* Work order:
Using the records below, give again exactly the lines from the line that contains "J1, J2: BM04B-SRSS-TB_LF__SN_;" through the line that contains "A2-4: P20.2, U2.3 (SENSOR_VP)", both ends included, and only those.

*** Provided data ***

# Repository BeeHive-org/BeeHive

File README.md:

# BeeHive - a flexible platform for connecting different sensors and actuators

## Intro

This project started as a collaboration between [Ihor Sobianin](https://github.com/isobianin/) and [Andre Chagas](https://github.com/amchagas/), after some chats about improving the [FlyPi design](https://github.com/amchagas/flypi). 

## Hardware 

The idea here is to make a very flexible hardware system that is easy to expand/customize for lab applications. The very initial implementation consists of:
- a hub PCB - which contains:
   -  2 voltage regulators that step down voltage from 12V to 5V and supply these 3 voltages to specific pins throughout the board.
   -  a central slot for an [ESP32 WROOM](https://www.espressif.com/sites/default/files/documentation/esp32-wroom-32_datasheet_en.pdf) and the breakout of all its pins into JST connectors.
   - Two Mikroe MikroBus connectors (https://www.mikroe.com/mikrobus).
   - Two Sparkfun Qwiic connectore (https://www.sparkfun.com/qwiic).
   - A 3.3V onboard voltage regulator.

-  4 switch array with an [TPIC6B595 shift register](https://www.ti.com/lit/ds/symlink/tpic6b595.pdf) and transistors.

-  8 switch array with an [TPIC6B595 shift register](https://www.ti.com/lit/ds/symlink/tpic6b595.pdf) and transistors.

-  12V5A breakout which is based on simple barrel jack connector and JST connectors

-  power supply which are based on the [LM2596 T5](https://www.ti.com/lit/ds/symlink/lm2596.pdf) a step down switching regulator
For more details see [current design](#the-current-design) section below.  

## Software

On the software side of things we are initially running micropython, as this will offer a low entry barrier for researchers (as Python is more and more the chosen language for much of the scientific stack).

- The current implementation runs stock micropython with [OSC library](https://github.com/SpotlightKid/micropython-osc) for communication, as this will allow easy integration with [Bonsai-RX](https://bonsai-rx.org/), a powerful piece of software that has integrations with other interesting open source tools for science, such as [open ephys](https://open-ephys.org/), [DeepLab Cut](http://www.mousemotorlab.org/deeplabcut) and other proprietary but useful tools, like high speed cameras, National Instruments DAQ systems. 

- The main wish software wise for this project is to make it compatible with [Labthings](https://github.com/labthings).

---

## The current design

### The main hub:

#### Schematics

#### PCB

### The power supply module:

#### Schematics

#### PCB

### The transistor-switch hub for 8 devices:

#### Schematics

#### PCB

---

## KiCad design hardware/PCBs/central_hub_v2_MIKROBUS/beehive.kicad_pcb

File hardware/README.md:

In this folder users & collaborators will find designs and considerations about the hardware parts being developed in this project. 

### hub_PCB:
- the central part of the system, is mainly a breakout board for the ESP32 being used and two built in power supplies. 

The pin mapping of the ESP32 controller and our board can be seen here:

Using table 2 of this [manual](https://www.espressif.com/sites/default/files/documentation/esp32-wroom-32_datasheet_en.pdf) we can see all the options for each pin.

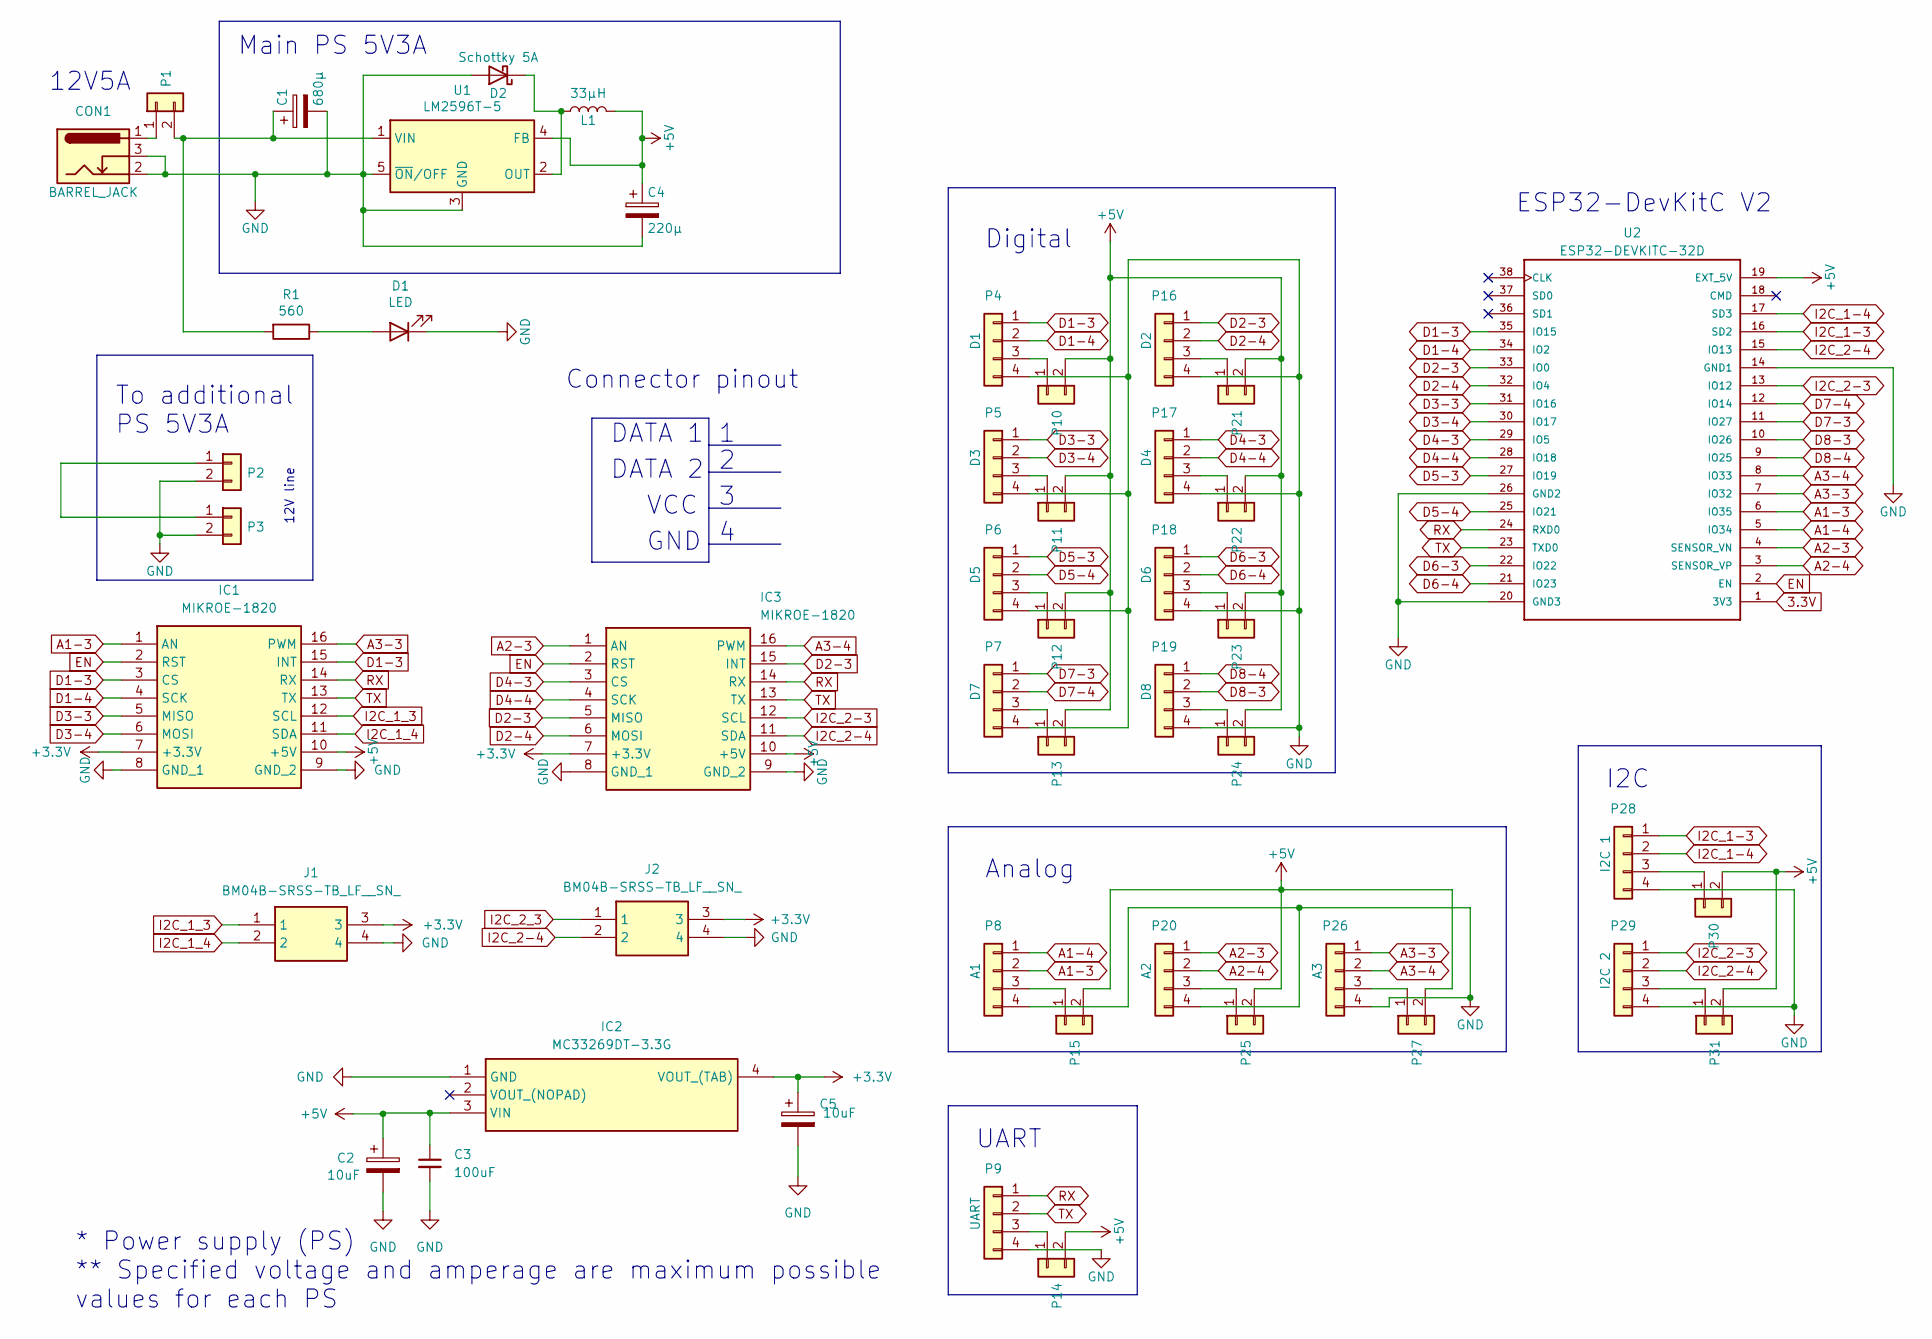
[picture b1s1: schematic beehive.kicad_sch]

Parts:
C1: 680µ; C_Radial_D10_L21_P5
C2, C5: 10uF; C_1206_3216Metric_Pad1.33x1.80mm_HandSolder
C3: 100uF; C_1206_3216Metric_Pad1.33x1.80mm_HandSolder
C4: 220µ; C_Radial_D8_L13_P3.8
CON1: BARREL_JACK; BarrelJack_Horizontal
D1: LED; LED_D3.0mm
D2: Schottky 5A; Diode_DO-201AD_Horizontal_RM15
IC1, IC3: MIKROE-1820; MIKROE1820; Mouser Part Number 932-MIKROE-1820
IC2: MC33269DT-3.3G; TO229P990X238-4N; Mouser Part Number 863-MC33269DT-3.3G
J1, J2: BM04B-SRSS-TB_LF__SN_; SM04B-SRSS-TB_LFSN_; Manufacturer_Part_Number BM04B-SRSS-TB(LF)(SN)
L1: 33µH; Neosid_Inductor_MA-Bs75
P1, P2, P3, P10, P11, P12, P13, P14, P15, P21, P22, P23, P24, P25, P27, P30, P31: Conn_01x02; JST_XH_B2B-XH-A_1x02_P2.50mm_Vertical
P4: D1; JST_XH_B04B-XH-A_04x2.50mm_Straight
P5: D3; JST_XH_B04B-XH-A_04x2.50mm_Straight
P6: D5; JST_XH_B04B-XH-A_04x2.50mm_Straight
P7: D7; JST_XH_B04B-XH-A_04x2.50mm_Straight
P8: A1; JST_XH_B04B-XH-A_04x2.50mm_Straight
P9: UART; JST_XH_B04B-XH-A_04x2.50mm_Straight
P16: D2; JST_XH_B04B-XH-A_04x2.50mm_Straight
P17: D4; JST_XH_B04B-XH-A_04x2.50mm_Straight
P18: D6; JST_XH_B04B-XH-A_04x2.50mm_Straight
P19: D8; JST_XH_B04B-XH-A_04x2.50mm_Straight
P20: A2; JST_XH_B04B-XH-A_04x2.50mm_Straight
P26: A3; JST_XH_B04B-XH-A_04x2.50mm_Straight
P28: I2C 1; JST_XH_B04B-XH-A_04x2.50mm_Straight
P29: I2C 2; JST_XH_B04B-XH-A_04x2.50mm_Straight
R1: 560; R_Box_L13.0mm_W4.0mm_P9.00mm
U1: LM2596T-5; TO-220-5_P3.4x3.7mm_StaggerOdd_Lead3.8mm_Vertical
U2: ESP32-DEVKITC-32D; MODULE_ESP32-DEVKITC-32D

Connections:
3.3V: U2.1 (3V3)
+3.3V: C5.1, IC1.7 (+3.3V), IC2.4 (VOUT_(TAB)), IC3.7 (+3.3V), J1.3, J2.3
A1-3: IC1.1 (AN), P8.2, U2.6 (IO35)
A1-4: P8.1, U2.5 (IO34)
A2-3: IC3.1 (AN), P20.1, U2.4 (SENSOR_VN)
A2-4: P20.2, U2.3 (SENSOR_VP)
A3-3: IC1.16 (PWM), P26.1, U2.7 (IO32)
A3-4: IC3.16 (PWM), P26.2, U2.8 (IO33)
D1-3: IC1.3 (CS), IC1.15 (INT), P4.1, U2.35 (IO15)
D1-4: IC1.4 (SCK), P4.2, U2.34 (IO2)
D2-3: IC3.5 (MISO), IC3.15 (INT), P16.1, U2.33 (IO0)
D2-4: IC3.6 (MOSI), P16.2, U2.32 (IO4)
D3-3: IC1.5 (MISO), P5.1, U2.31 (IO16)
D3-4: IC1.6 (MOSI), P5.2, U2.30 (IO17)
D4-3: IC3.3 (CS), P17.1, U2.29 (IO5)
D4-4: IC3.4 (SCK), P17.2, U2.28 (IO18)
D5-3: P6.1, U2.27 (IO19)
D5-4: P6.2, U2.25 (IO21)
D6-3: P18.1, U2.22 (IO22)
D6-4: P18.2, U2.21 (IO23)
D7-3: P7.1, U2.11 (IO27)
D7-4: P7.2, U2.12 (IO14)
D8-3: P19.2, U2.10 (IO26)
D8-4: P19.1, U2.9 (IO25)
EN: IC1.2 (RST), IC3.2 (RST), U2.2 (EN)
GND: C1.2, C2.2, C3.2, C4.2, C5.2, CON1.2, CON1.3, D1.1 (K), D2.2 (A), IC1.8 (GND_1), IC1.9 (GND_2), IC2.1 (GND), IC3.8 (GND_1), IC3.9 (GND_2), J1.4, J2.4, P2.2, P3.2, P4.4, P5.4, P6.4, P7.4, P8.4, P9.4, P16.4, P17.4, P18.4, P19.4, P20.4, P26.4, P28.4, P29.4, U1.3 (GND), U1.5 (~ON/OFF), U2.14 (GND1), U2.20 (GND3), U2.26 (GND2)
I2C_1-3: P28.1, U2.16 (SD2)
I2C_1-4: P28.2, U2.17 (SD3)
I2C_1_3: IC1.12 (SCL), J1.1
I2C_1_4: IC1.11 (SDA), J1.2
I2C_2-3: IC3.12 (SCL), P29.1, U2.13 (IO12)
I2C_2-4: IC3.11 (SDA), J2.2, P29.2, U2.15 (IO13)
I2C_2_3: J2.1
unnamed: D1.2 (A), R1.1
unnamed: D2.1 (K), L1.1, U1.2 (OUT)
unnamed: CON1.1, P1.1
unnamed: P2.1, P3.1
unnamed: P4.3, P10.1
unnamed: P5.3, P11.1
unnamed: P6.3, P12.1
unnamed: P7.3, P13.1
unnamed: P9.3, P14.1
unnamed: P8.3, P15.1
unnamed: P16.3, P21.1
unnamed: P17.3, P22.1
unnamed: P18.3, P23.1
unnamed: P19.3, P24.1
unnamed: P20.3, P25.1
unnamed: P26.3, P27.1
unnamed: P28.3, P30.1
unnamed: P29.3, P31.1
RX: IC1.14 (RX), IC3.14 (RX), P9.1, U2.24 (RXD0)
TX: IC1.13 (TX), IC3.13 (TX), P9.2, U2.23 (TXD0)

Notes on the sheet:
Connector pinout
12V line
To additional PS 5V3A
VCC
Analog
12V5A
DATA 1
GND
ESP32-DevKitC V2
Main PS 5V3A
* Power supply (PS) ** Specified voltage and amperage are maximum possible values for each PS
DATA 2
I2C
UART
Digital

***

* Task solution:
J1, J2: BM04B-SRSS-TB_LF__SN_; SM04B-SRSS-TB_LFSN_; Manufacturer_Part_Number BM04B-SRSS-TB(LF)(SN)
L1: 33µH; Neosid_Inductor_MA-Bs75
P1, P2, P3, P10, P11, P12, P13, P14, P15, P21, P22, P23, P24, P25, P27, P30, P31: Conn_01x02; JST_XH_B2B-XH-A_1x02_P2.50mm_Vertical
P4: D1; JST_XH_B04B-XH-A_04x2.50mm_Straight
P5: D3; JST_XH_B04B-XH-A_04x2.50mm_Straight
P6: D5; JST_XH_B04B-XH-A_04x2.50mm_Straight
P7: D7; JST_XH_B04B-XH-A_04x2.50mm_Straight
P8: A1; JST_XH_B04B-XH-A_04x2.50mm_Straight
P9: UART; JST_XH_B04B-XH-A_04x2.50mm_Straight
P16: D2; JST_XH_B04B-XH-A_04x2.50mm_Straight
P17: D4; JST_XH_B04B-XH-A_04x2.50mm_Straight
P18: D6; JST_XH_B04B-XH-A_04x2.50mm_Straight
P19: D8; JST_XH_B04B-XH-A_04x2.50mm_Straight
P20: A2; JST_XH_B04B-XH-A_04x2.50mm_Straight
P26: A3; JST_XH_B04B-XH-A_04x2.50mm_Straight
P28: I2C 1; JST_XH_B04B-XH-A_04x2.50mm_Straight
P29: I2C 2; JST_XH_B04B-XH-A_04x2.50mm_Straight
R1: 560; R_Box_L13.0mm_W4.0mm_P9.00mm
U1: LM2596T-5; TO-220-5_P3.4x3.7mm_StaggerOdd_Lead3.8mm_Vertical
U2: ESP32-DEVKITC-32D; MODULE_ESP32-DEVKITC-32D

Connections:
3.3V: U2.1 (3V3)
+3.3V: C5.1, IC1.7 (+3.3V), IC2.4 (VOUT_(TAB)), IC3.7 (+3.3V), J1.3, J2.3
A1-3: IC1.1 (AN), P8.2, U2.6 (IO35)
A1-4: P8.1, U2.5 (IO34)
A2-3: IC3.1 (AN), P20.1, U2.4 (SENSOR_VN)
A2-4: P20.2, U2.3 (SENSOR_VP)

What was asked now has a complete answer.